What is required:
The reply should hold every line of the listing exactly, and none of its images.
- - - - -
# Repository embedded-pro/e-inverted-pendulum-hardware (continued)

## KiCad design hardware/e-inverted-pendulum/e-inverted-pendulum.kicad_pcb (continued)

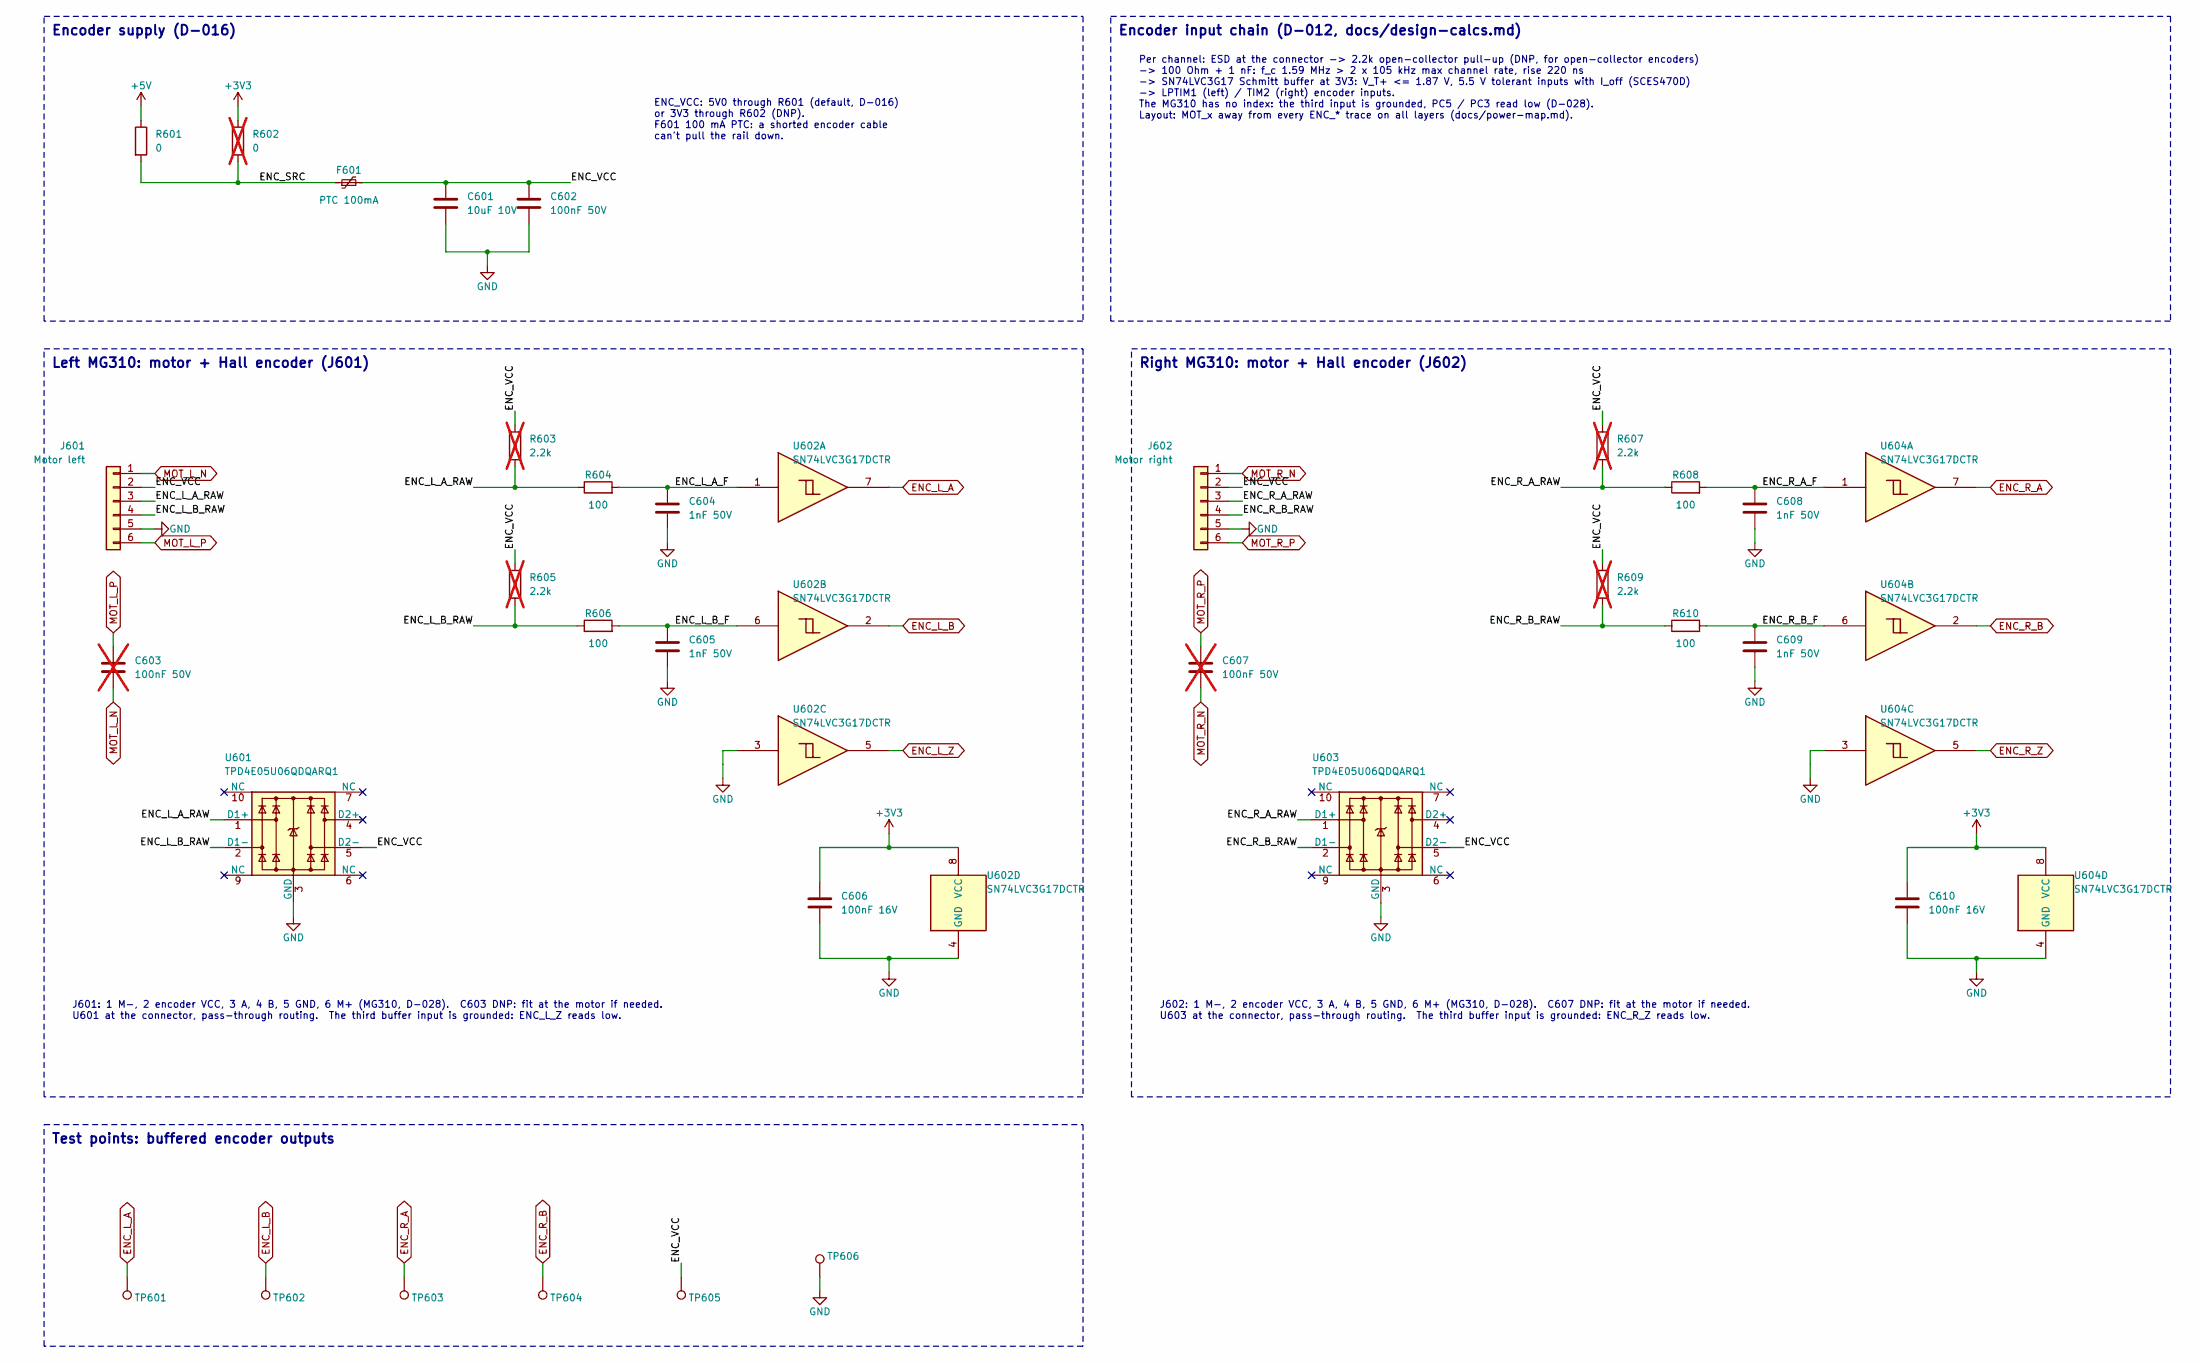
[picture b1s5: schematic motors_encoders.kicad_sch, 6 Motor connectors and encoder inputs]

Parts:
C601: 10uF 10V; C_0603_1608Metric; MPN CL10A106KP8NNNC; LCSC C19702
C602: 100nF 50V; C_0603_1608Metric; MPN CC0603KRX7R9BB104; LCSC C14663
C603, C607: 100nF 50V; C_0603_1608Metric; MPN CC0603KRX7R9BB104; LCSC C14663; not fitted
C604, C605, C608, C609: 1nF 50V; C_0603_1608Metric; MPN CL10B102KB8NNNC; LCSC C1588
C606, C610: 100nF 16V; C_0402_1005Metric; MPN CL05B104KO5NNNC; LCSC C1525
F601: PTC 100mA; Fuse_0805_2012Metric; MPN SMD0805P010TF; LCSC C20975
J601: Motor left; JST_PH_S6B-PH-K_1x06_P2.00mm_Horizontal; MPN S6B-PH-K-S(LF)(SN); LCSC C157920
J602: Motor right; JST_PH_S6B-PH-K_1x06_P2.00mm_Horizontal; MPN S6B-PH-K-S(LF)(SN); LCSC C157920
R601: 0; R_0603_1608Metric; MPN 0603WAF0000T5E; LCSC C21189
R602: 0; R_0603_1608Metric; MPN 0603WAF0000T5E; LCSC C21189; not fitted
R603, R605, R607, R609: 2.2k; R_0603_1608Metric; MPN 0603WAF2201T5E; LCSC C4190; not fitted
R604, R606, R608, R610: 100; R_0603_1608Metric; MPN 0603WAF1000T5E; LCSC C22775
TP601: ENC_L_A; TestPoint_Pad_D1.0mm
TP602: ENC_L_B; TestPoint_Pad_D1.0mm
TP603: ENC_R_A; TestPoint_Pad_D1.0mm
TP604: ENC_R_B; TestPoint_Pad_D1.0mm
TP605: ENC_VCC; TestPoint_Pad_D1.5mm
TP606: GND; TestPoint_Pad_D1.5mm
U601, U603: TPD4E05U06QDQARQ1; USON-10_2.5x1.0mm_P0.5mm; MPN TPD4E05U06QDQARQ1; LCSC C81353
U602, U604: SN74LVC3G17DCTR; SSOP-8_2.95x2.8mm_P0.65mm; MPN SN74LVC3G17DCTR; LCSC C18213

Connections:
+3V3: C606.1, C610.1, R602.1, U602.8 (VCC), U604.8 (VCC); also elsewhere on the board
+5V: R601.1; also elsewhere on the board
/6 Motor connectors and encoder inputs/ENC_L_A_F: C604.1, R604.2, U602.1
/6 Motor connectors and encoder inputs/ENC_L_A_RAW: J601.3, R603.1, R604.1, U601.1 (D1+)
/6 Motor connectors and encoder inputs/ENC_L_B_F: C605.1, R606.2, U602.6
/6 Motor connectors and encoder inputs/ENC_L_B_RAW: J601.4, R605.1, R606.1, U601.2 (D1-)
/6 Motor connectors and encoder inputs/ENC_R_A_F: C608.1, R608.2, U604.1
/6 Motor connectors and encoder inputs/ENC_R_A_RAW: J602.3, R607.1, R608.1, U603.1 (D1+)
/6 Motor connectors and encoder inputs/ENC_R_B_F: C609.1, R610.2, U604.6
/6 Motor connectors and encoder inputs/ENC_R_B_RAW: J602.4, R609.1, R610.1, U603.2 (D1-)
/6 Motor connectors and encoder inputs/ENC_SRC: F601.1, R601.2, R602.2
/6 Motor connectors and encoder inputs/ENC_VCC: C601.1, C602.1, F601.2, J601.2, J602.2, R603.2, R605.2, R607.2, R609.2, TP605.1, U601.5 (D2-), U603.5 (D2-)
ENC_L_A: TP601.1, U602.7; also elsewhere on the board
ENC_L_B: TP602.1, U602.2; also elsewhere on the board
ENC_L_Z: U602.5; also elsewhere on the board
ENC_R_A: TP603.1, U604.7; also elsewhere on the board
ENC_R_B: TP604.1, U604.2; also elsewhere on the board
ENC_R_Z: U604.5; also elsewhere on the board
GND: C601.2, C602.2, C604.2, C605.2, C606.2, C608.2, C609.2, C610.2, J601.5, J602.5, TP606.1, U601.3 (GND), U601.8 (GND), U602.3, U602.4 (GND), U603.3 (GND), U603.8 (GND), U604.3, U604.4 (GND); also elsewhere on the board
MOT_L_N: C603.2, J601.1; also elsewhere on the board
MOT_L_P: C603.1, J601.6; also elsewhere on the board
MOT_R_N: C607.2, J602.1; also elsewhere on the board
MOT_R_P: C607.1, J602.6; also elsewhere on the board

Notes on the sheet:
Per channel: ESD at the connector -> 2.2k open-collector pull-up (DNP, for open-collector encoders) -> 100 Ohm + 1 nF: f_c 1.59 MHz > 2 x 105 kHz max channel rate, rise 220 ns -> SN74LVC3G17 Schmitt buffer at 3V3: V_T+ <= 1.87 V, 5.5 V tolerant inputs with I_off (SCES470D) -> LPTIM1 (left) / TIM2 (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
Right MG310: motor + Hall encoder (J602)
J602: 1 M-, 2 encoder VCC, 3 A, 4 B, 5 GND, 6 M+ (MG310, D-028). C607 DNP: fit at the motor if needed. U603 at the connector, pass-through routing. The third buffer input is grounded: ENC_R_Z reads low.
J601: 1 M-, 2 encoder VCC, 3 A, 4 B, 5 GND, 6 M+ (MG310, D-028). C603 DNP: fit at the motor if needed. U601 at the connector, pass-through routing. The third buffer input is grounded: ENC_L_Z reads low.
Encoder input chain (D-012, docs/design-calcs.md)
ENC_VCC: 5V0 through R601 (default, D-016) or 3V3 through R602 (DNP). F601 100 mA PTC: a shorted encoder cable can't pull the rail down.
- - - - -
Reply to the task:
# Repository embedded-pro/e-inverted-pendulum-hardware (continued)

## KiCad design hardware/e-inverted-pendulum/e-inverted-pendulum.kicad_pcb (continued)

[picture b1s5: schematic motors_encoders.kicad_sch, 6 Motor connectors and encoder inputs]

Parts:
C601: 10uF 10V; C_0603_1608Metric; MPN CL10A106KP8NNNC; LCSC C19702
C602: 100nF 50V; C_0603_1608Metric; MPN CC0603KRX7R9BB104; LCSC C14663
C603, C607: 100nF 50V; C_0603_1608Metric; MPN CC0603KRX7R9BB104; LCSC C14663; not fitted
C604, C605, C608, C609: 1nF 50V; C_0603_1608Metric; MPN CL10B102KB8NNNC; LCSC C1588
C606, C610: 100nF 16V; C_0402_1005Metric; MPN CL05B104KO5NNNC; LCSC C1525
F601: PTC 100mA; Fuse_0805_2012Metric; MPN SMD0805P010TF; LCSC C20975
J601: Motor left; JST_PH_S6B-PH-K_1x06_P2.00mm_Horizontal; MPN S6B-PH-K-S(LF)(SN); LCSC C157920
J602: Motor right; JST_PH_S6B-PH-K_1x06_P2.00mm_Horizontal; MPN S6B-PH-K-S(LF)(SN); LCSC C157920
R601: 0; R_0603_1608Metric; MPN 0603WAF0000T5E; LCSC C21189
R602: 0; R_0603_1608Metric; MPN 0603WAF0000T5E; LCSC C21189; not fitted
R603, R605, R607, R609: 2.2k; R_0603_1608Metric; MPN 0603WAF2201T5E; LCSC C4190; not fitted
R604, R606, R608, R610: 100; R_0603_1608Metric; MPN 0603WAF1000T5E; LCSC C22775
TP601: ENC_L_A; TestPoint_Pad_D1.0mm
TP602: ENC_L_B; TestPoint_Pad_D1.0mm
TP603: ENC_R_A; TestPoint_Pad_D1.0mm
TP604: ENC_R_B; TestPoint_Pad_D1.0mm
TP605: ENC_VCC; TestPoint_Pad_D1.5mm
TP606: GND; TestPoint_Pad_D1.5mm
U601, U603: TPD4E05U06QDQARQ1; USON-10_2.5x1.0mm_P0.5mm; MPN TPD4E05U06QDQARQ1; LCSC C81353
U602, U604: SN74LVC3G17DCTR; SSOP-8_2.95x2.8mm_P0.65mm; MPN SN74LVC3G17DCTR; LCSC C18213

Connections:
+3V3: C606.1, C610.1, R602.1, U602.8 (VCC), U604.8 (VCC); also elsewhere on the board
+5V: R601.1; also elsewhere on the board
/6 Motor connectors and encoder inputs/ENC_L_A_F: C604.1, R604.2, U602.1
/6 Motor connectors and encoder inputs/ENC_L_A_RAW: J601.3, R603.1, R604.1, U601.1 (D1+)
/6 Motor connectors and encoder inputs/ENC_L_B_F: C605.1, R606.2, U602.6
/6 Motor connectors and encoder inputs/ENC_L_B_RAW: J601.4, R605.1, R606.1, U601.2 (D1-)
/6 Motor connectors and encoder inputs/ENC_R_A_F: C608.1, R608.2, U604.1
/6 Motor connectors and encoder inputs/ENC_R_A_RAW: J602.3, R607.1, R608.1, U603.1 (D1+)
/6 Motor connectors and encoder inputs/ENC_R_B_F: C609.1, R610.2, U604.6
/6 Motor connectors and encoder inputs/ENC_R_B_RAW: J602.4, R609.1, R610.1, U603.2 (D1-)
/6 Motor connectors and encoder inputs/ENC_SRC: F601.1, R601.2, R602.2
/6 Motor connectors and encoder inputs/ENC_VCC: C601.1, C602.1, F601.2, J601.2, J602.2, R603.2, R605.2, R607.2, R609.2, TP605.1, U601.5 (D2-), U603.5 (D2-)
ENC_L_A: TP601.1, U602.7; also elsewhere on the board
ENC_L_B: TP602.1, U602.2; also elsewhere on the board
ENC_L_Z: U602.5; also elsewhere on the board
ENC_R_A: TP603.1, U604.7; also elsewhere on the board
ENC_R_B: TP604.1, U604.2; also elsewhere on the board
ENC_R_Z: U604.5; also elsewhere on the board
GND: C601.2, C602.2, C604.2, C605.2, C606.2, C608.2, C609.2, C610.2, J601.5, J602.5, TP606.1, U601.3 (GND), U601.8 (GND), U602.3, U602.4 (GND), U603.3 (GND), U603.8 (GND), U604.3, U604.4 (GND); also elsewhere on the board
MOT_L_N: C603.2, J601.1; also elsewhere on the board
MOT_L_P: C603.1, J601.6; also elsewhere on the board
MOT_R_N: C607.2, J602.1; also elsewhere on the board
MOT_R_P: C607.1, J602.6; also elsewhere on the board

Notes on the sheet:
Per channel: ESD at the connector -> 2.2k open-collector pull-up (DNP, for open-collector encoders) -> 100 Ohm + 1 nF: f_c 1.59 MHz > 2 x 105 kHz max channel rate, rise 220 ns -> SN74LVC3G17 Schmitt buffer at 3V3: V_T+ <= 1.87 V, 5.5 V tolerant inputs with I_off (SCES470D) -> LPTIM1 (left) / TIM2 (
Right MG310: motor + Hall encoder (J602)
J602: 1 M-, 2 encoder VCC, 3 A, 4 B, 5 GND, 6 M+ (MG310, D-028). C607 DNP: fit at the motor if needed. U603 at the connector, pass-through routing. The third buffer input is grounded: ENC_R_Z reads low.
J601: 1 M-, 2 encoder VCC, 3 A, 4 B, 5 GND, 6 M+ (MG310, D-028). C603 DNP: fit at the motor if needed. U601 at the connector, pass-through routing. The third buffer input is grounded: ENC_L_Z reads low.
Encoder input chain (D-012, docs/design-calcs.md)
ENC_VCC: 5V0 through R601 (default, D-016) or 3V3 through R602 (DNP). F601 100 mA PTC: a shorted encoder cable can't pull the rail down.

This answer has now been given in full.